Look through the listing below and write out exactly the lines from the line with "#149=ORIENTED_EDGE('',*,*,#148,.F.);" to the line with "#155=VERTEX_POINT('',#154);", both included, and no others.

>>

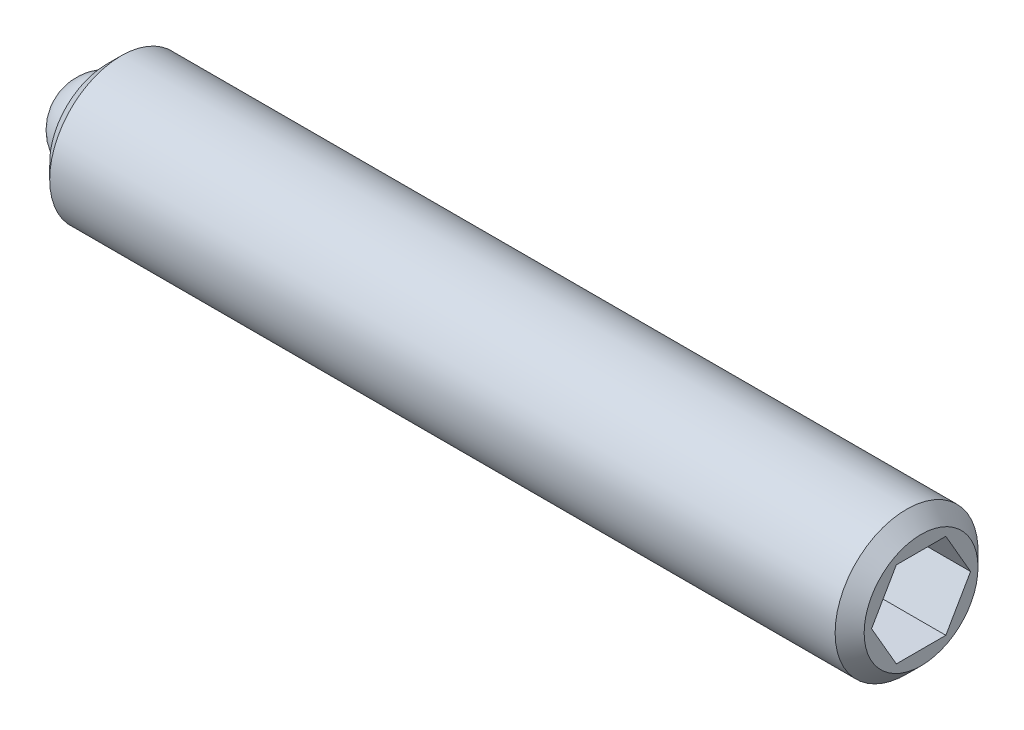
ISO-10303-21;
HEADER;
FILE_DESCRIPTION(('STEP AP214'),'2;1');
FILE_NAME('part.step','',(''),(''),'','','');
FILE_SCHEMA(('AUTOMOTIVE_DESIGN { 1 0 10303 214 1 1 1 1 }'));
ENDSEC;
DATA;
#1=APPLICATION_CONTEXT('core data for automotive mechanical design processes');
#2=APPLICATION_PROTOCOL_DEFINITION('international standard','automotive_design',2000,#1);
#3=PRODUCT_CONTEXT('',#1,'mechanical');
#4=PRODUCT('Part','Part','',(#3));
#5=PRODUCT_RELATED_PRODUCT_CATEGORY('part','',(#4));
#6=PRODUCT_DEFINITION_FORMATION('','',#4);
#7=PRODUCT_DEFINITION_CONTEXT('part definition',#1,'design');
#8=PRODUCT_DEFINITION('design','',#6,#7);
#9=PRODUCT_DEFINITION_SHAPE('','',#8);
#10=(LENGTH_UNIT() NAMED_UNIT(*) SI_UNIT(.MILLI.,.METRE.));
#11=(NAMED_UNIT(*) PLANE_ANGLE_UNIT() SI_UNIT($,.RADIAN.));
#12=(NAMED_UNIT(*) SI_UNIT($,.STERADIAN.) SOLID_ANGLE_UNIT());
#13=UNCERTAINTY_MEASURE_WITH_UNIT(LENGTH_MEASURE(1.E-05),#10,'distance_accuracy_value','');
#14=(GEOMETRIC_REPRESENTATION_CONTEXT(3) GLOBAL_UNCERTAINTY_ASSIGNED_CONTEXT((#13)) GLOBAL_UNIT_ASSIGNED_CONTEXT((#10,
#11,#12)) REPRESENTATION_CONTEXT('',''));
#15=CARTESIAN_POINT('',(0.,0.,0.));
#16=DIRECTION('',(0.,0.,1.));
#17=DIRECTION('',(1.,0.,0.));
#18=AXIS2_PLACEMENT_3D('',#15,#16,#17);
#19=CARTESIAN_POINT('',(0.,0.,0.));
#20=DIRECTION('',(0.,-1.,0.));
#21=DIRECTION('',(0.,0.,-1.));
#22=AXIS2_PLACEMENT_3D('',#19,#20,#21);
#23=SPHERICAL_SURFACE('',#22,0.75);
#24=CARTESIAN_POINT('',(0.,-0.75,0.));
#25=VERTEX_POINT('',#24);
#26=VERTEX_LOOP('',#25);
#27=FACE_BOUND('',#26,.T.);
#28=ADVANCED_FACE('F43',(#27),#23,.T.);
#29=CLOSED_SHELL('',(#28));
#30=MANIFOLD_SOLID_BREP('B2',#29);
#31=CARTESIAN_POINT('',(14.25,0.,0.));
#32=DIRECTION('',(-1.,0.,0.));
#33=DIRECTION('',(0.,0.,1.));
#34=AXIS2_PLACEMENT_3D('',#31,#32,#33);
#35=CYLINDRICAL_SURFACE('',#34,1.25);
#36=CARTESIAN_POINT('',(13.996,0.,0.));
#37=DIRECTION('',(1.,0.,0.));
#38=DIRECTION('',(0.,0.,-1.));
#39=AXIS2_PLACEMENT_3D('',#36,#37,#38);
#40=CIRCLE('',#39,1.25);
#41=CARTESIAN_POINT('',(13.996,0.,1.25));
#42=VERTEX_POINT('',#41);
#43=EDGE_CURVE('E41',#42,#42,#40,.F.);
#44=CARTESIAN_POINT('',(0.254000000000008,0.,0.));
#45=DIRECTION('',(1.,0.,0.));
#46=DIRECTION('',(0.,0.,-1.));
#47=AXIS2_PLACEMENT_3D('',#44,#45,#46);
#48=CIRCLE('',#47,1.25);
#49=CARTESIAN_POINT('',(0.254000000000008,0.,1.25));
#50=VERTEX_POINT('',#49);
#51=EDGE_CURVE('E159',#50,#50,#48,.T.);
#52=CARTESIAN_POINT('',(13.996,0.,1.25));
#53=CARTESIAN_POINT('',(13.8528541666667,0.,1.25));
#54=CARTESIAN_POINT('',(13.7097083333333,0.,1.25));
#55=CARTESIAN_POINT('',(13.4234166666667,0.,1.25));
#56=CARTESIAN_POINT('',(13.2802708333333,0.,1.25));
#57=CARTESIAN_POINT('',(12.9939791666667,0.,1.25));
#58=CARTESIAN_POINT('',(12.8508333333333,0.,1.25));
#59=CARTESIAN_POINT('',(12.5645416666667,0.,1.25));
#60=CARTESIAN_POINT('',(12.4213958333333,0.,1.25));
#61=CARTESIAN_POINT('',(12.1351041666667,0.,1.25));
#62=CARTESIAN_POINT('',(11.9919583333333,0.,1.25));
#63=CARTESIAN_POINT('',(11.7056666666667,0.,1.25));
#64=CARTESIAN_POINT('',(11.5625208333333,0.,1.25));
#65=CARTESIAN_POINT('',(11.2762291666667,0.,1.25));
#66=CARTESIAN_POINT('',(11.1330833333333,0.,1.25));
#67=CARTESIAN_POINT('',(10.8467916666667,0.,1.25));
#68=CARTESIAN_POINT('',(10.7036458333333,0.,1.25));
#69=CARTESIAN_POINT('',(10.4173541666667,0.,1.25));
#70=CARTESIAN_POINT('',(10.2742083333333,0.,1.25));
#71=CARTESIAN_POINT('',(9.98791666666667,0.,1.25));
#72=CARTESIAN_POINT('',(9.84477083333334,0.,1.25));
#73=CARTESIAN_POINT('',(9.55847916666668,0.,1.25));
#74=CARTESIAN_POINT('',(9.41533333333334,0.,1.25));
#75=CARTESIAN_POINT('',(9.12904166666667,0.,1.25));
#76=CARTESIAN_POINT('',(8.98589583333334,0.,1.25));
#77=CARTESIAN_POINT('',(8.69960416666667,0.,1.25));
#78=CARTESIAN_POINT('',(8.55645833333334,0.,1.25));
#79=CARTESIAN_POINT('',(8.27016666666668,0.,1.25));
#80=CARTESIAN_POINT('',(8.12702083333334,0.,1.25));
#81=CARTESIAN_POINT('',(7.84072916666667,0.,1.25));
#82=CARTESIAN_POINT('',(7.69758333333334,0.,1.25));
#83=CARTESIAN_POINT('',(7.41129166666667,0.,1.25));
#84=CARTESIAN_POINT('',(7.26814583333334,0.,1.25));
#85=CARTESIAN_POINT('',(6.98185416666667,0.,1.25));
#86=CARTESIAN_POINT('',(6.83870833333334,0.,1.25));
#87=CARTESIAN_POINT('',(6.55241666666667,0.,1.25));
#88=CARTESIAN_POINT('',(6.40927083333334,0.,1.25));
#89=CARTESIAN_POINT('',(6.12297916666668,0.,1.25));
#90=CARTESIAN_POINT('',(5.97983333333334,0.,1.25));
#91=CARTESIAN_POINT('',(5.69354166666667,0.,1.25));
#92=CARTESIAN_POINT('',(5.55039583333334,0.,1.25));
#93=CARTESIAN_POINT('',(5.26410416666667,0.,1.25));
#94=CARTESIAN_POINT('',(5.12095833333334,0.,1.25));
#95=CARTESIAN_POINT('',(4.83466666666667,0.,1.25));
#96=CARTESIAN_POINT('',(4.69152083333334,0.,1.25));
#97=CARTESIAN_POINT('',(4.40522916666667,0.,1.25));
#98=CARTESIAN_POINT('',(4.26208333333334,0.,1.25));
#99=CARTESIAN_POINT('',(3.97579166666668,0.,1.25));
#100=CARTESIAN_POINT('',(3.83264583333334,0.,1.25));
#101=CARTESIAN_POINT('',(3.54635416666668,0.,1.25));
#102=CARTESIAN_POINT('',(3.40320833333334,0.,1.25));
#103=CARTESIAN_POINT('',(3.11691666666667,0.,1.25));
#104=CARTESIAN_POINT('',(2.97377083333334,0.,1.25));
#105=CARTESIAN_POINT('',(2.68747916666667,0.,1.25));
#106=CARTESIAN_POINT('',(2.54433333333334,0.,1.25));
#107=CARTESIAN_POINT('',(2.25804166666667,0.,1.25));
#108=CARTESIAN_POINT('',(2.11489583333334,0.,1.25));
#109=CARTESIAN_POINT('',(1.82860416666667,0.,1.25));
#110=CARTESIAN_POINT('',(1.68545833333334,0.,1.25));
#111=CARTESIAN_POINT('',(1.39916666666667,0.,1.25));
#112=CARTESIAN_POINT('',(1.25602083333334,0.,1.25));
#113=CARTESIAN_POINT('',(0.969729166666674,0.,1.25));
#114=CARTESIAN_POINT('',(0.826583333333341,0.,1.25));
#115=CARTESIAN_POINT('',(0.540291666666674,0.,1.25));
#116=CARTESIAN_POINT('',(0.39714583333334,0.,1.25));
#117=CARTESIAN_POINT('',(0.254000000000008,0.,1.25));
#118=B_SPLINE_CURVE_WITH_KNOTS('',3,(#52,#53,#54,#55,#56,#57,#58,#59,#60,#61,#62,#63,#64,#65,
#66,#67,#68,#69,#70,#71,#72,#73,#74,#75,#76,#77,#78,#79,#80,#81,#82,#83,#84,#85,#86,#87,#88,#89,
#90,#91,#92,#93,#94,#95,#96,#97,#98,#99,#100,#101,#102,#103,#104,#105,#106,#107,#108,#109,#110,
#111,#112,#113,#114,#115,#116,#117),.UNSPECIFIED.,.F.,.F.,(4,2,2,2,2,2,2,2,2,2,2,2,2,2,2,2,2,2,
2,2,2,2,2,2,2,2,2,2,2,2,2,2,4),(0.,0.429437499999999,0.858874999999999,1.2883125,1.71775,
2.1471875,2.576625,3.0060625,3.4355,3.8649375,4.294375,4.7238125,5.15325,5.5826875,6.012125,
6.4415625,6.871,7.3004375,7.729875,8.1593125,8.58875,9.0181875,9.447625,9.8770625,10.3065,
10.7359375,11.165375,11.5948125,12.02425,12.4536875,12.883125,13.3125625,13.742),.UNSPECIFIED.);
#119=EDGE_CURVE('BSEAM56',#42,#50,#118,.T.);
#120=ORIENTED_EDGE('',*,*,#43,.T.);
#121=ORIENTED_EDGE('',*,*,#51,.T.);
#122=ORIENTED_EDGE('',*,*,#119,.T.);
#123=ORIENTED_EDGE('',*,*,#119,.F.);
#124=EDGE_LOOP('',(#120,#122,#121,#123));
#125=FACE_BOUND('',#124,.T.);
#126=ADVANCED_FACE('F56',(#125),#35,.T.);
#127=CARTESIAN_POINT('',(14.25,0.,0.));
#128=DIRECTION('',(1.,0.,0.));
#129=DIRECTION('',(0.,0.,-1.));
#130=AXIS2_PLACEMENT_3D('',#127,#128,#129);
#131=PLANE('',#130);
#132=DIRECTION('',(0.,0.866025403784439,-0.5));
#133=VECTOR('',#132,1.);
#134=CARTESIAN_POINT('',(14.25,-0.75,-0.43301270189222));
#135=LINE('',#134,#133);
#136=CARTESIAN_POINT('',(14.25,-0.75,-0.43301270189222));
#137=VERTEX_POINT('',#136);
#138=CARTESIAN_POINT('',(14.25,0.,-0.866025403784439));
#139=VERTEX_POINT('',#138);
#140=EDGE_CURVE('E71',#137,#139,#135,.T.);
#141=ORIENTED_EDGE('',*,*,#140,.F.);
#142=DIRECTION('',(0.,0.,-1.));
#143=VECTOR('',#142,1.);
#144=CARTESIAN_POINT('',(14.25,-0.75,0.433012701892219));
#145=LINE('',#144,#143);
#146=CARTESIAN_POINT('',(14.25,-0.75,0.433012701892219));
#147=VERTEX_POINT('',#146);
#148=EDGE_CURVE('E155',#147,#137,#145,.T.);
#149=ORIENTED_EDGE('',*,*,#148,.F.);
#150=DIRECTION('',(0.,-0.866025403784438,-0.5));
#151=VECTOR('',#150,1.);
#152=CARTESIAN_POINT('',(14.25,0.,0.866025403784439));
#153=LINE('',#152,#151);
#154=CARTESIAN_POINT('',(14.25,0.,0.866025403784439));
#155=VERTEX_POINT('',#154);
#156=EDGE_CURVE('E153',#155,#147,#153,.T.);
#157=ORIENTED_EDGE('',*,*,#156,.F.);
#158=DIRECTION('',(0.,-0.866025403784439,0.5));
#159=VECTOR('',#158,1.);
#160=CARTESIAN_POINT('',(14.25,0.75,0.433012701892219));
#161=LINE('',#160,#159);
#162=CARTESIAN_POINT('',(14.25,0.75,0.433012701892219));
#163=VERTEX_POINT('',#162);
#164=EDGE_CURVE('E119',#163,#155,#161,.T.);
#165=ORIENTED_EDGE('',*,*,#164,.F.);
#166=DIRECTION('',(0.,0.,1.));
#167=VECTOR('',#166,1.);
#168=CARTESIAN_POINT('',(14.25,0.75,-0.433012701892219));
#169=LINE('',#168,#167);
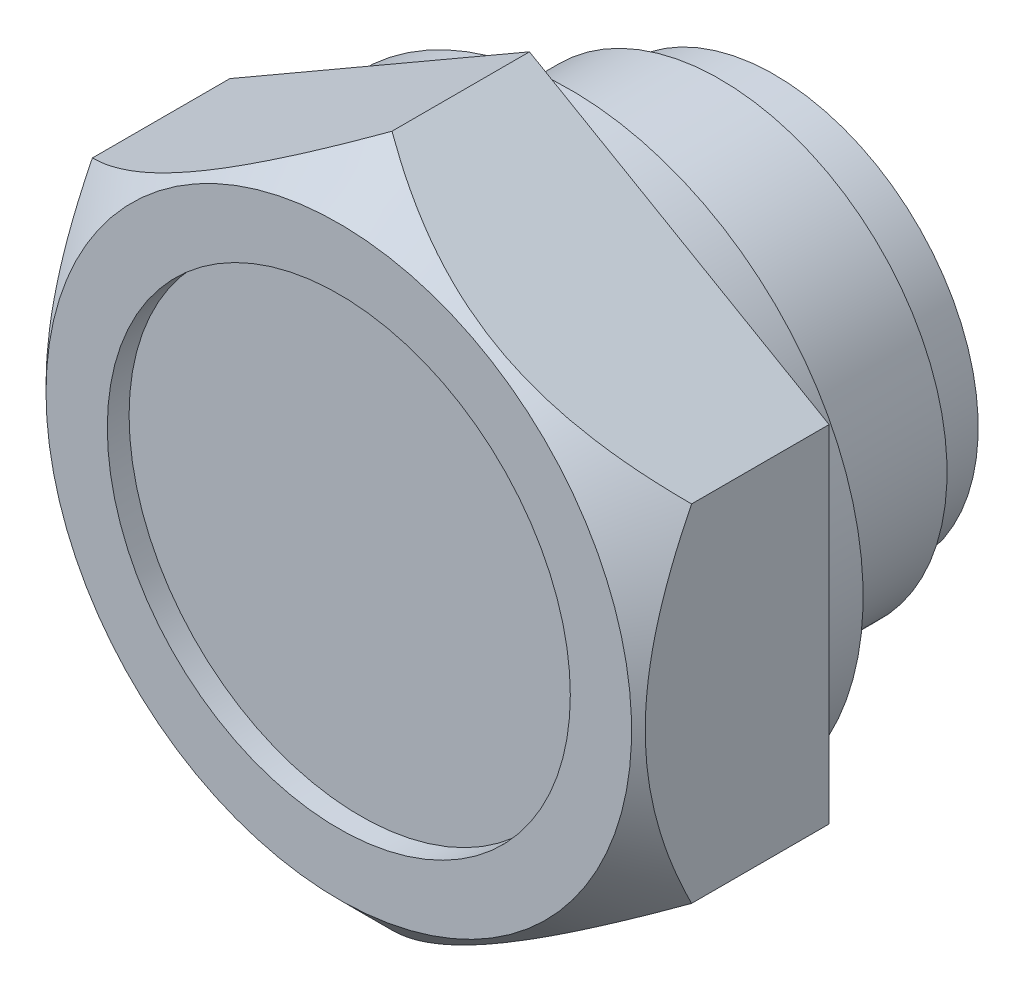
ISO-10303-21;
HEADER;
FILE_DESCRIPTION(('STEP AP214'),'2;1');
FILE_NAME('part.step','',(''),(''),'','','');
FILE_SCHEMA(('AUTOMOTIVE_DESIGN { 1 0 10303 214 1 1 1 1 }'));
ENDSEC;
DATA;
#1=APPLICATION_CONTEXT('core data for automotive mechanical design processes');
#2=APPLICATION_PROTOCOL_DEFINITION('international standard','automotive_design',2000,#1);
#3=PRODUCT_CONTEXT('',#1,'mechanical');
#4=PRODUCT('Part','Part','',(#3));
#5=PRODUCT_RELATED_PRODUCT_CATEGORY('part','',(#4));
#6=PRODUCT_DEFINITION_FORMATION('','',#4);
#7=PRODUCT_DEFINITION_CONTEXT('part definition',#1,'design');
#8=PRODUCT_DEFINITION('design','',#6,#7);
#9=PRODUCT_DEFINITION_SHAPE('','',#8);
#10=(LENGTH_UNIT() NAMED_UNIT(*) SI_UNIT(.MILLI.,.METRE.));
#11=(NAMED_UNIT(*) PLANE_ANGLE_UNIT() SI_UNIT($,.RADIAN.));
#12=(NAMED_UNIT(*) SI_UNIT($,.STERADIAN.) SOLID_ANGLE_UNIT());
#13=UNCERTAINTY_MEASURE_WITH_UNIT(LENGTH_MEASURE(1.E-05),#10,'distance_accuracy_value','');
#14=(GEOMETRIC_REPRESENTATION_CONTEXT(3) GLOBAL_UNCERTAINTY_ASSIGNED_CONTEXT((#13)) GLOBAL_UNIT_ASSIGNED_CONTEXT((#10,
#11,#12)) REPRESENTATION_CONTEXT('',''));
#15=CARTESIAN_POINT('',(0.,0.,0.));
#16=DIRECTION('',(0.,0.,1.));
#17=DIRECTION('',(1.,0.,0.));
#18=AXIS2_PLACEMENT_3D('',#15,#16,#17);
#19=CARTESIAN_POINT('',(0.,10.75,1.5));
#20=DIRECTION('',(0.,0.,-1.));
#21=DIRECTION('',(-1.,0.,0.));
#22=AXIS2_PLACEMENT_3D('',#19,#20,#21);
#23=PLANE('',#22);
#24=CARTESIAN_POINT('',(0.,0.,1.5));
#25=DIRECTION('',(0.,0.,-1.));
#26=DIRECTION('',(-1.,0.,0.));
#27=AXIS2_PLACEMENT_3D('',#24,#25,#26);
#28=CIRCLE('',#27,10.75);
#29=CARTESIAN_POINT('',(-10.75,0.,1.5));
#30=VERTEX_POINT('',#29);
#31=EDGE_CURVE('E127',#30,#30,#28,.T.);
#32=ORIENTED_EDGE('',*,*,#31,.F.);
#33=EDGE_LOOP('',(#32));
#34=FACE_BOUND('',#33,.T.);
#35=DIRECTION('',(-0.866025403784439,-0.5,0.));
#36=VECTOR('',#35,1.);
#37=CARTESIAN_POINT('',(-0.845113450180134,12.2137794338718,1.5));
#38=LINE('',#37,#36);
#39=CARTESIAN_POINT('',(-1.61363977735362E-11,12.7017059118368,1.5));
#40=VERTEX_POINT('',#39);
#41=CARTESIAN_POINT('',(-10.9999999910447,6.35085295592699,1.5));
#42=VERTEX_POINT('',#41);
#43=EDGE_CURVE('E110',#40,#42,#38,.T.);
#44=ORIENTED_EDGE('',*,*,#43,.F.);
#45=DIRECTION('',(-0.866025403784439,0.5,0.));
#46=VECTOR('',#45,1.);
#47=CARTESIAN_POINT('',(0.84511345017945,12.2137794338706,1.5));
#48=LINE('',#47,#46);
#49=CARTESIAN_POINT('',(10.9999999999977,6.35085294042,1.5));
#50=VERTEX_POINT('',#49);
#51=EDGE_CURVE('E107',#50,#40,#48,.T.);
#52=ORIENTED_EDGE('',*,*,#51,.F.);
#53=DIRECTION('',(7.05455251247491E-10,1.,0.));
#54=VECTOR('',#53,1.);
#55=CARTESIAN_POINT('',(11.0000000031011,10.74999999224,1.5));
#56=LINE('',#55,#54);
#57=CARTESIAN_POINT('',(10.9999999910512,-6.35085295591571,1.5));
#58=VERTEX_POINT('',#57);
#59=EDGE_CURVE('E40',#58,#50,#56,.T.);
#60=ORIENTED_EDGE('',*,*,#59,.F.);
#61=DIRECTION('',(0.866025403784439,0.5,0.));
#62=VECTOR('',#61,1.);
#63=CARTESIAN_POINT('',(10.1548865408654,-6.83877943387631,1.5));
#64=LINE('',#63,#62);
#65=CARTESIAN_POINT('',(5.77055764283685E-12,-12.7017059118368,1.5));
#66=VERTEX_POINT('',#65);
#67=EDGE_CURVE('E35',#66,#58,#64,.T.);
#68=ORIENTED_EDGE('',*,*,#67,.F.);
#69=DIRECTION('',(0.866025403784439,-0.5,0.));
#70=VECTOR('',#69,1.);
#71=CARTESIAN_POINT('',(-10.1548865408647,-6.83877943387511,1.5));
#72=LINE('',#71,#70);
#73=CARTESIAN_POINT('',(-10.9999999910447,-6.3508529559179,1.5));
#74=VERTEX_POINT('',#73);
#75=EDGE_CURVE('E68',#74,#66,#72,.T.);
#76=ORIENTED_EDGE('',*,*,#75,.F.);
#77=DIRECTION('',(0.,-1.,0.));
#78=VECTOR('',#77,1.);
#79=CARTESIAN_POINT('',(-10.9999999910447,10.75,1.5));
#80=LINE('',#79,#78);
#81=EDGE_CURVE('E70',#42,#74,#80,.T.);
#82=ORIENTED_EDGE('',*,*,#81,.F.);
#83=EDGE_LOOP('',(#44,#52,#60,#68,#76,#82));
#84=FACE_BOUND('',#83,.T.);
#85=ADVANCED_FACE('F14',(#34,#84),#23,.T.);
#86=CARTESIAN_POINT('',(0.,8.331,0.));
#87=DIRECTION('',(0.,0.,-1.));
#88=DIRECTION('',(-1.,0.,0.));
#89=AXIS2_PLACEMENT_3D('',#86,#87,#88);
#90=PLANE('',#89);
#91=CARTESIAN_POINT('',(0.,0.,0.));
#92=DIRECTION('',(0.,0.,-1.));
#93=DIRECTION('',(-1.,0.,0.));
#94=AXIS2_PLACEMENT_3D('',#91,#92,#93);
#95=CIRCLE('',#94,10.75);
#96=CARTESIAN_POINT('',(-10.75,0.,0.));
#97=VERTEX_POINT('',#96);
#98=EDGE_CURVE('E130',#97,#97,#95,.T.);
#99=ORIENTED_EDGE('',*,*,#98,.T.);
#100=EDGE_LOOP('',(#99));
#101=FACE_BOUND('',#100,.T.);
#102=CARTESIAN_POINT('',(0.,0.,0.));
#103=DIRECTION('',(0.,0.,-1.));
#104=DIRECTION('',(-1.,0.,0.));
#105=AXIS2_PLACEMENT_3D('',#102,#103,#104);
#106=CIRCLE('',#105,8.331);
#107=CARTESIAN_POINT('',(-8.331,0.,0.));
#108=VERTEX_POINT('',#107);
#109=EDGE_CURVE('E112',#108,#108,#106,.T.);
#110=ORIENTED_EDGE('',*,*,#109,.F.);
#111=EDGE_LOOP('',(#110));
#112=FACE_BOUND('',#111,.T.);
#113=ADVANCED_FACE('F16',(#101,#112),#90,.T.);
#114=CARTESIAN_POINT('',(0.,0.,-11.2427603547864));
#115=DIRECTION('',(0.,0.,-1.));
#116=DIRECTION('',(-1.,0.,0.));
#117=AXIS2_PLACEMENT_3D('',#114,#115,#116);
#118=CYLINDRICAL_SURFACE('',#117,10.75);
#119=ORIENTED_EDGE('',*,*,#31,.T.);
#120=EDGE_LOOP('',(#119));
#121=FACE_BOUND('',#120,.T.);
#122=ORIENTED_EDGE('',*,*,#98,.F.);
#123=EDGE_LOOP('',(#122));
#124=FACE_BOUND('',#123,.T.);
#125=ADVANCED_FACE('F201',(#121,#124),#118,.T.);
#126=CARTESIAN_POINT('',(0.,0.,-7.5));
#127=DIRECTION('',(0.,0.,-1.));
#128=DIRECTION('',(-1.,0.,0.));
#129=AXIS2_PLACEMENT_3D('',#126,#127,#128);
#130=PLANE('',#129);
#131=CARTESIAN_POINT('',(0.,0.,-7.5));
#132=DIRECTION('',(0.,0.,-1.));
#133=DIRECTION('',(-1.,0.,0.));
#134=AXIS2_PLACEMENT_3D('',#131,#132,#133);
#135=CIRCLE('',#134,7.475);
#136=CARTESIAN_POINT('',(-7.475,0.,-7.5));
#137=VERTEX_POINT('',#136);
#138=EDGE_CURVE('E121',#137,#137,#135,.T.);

<<

_SOLUTION FOR THIS TASK:_
#149=ORIENTED_EDGE('',*,*,#148,.F.);
#150=DIRECTION('',(0.,-0.866025403784438,-0.5));
#151=VECTOR('',#150,1.);
#152=CARTESIAN_POINT('',(14.25,0.,0.866025403784439));
#153=LINE('',#152,#151);
#154=CARTESIAN_POINT('',(14.25,0.,0.866025403784439));
#155=VERTEX_POINT('',#154);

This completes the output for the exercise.